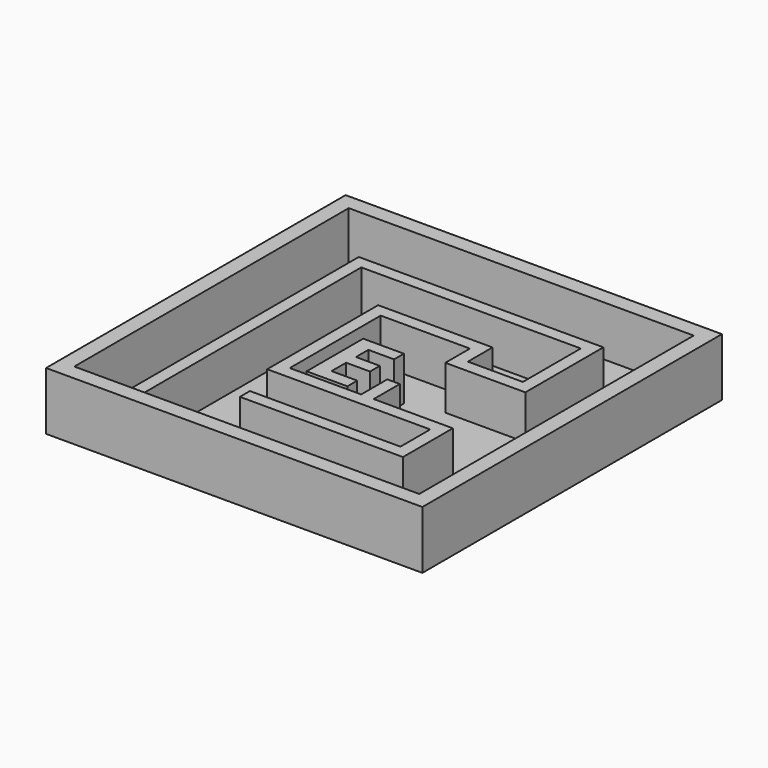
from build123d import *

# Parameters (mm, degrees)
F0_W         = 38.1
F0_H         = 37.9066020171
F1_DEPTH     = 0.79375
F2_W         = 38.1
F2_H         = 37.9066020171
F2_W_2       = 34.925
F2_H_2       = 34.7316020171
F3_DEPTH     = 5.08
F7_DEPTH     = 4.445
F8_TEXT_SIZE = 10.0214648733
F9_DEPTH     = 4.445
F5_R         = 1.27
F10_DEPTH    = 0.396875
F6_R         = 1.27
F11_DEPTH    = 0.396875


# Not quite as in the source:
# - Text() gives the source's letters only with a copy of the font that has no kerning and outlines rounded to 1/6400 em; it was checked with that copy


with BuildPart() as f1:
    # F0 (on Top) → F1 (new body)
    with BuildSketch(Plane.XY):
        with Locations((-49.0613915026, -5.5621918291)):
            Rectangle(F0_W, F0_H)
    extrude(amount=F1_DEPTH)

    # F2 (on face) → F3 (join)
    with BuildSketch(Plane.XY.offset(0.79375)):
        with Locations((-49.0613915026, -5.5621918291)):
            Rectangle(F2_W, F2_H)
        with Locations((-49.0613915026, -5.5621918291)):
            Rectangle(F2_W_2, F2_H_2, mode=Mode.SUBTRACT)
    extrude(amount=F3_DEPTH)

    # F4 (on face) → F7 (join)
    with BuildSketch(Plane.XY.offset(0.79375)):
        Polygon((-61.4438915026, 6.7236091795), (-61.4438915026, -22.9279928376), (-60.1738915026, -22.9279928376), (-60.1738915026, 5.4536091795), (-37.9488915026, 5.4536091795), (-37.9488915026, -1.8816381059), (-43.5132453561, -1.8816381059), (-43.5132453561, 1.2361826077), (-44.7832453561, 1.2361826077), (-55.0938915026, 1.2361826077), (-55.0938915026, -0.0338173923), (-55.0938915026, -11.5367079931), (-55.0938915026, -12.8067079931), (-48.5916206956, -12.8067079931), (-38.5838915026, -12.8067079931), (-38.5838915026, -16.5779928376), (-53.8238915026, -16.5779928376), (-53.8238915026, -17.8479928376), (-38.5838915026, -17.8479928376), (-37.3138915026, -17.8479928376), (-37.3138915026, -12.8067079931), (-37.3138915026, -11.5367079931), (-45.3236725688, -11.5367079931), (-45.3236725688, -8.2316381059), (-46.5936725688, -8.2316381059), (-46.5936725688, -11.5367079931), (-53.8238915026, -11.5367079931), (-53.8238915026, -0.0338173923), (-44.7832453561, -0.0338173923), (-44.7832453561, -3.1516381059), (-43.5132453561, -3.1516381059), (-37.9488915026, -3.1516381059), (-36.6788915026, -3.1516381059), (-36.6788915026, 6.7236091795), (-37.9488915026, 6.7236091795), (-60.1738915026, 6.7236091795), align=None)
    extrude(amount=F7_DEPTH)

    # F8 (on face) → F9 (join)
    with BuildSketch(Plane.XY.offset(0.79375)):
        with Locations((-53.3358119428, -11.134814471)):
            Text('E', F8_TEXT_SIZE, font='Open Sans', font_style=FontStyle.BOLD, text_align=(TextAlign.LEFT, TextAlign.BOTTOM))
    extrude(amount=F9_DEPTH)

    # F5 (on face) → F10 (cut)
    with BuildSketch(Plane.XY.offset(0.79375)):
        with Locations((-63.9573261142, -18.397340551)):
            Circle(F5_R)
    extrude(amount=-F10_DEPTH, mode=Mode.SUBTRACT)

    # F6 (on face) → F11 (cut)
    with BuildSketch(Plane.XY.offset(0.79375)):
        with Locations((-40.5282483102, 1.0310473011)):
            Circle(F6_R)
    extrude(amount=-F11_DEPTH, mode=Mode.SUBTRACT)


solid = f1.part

* **WORK TO BE COMPLETED**:
Pull every line containing "mode" from the data.

* **RESPONSE BOX**:
            Rectangle(F2_W_2, F2_H_2, mode=Mode.SUBTRACT)
    extrude(amount=-F10_DEPTH, mode=Mode.SUBTRACT)
    extrude(amount=-F11_DEPTH, mode=Mode.SUBTRACT)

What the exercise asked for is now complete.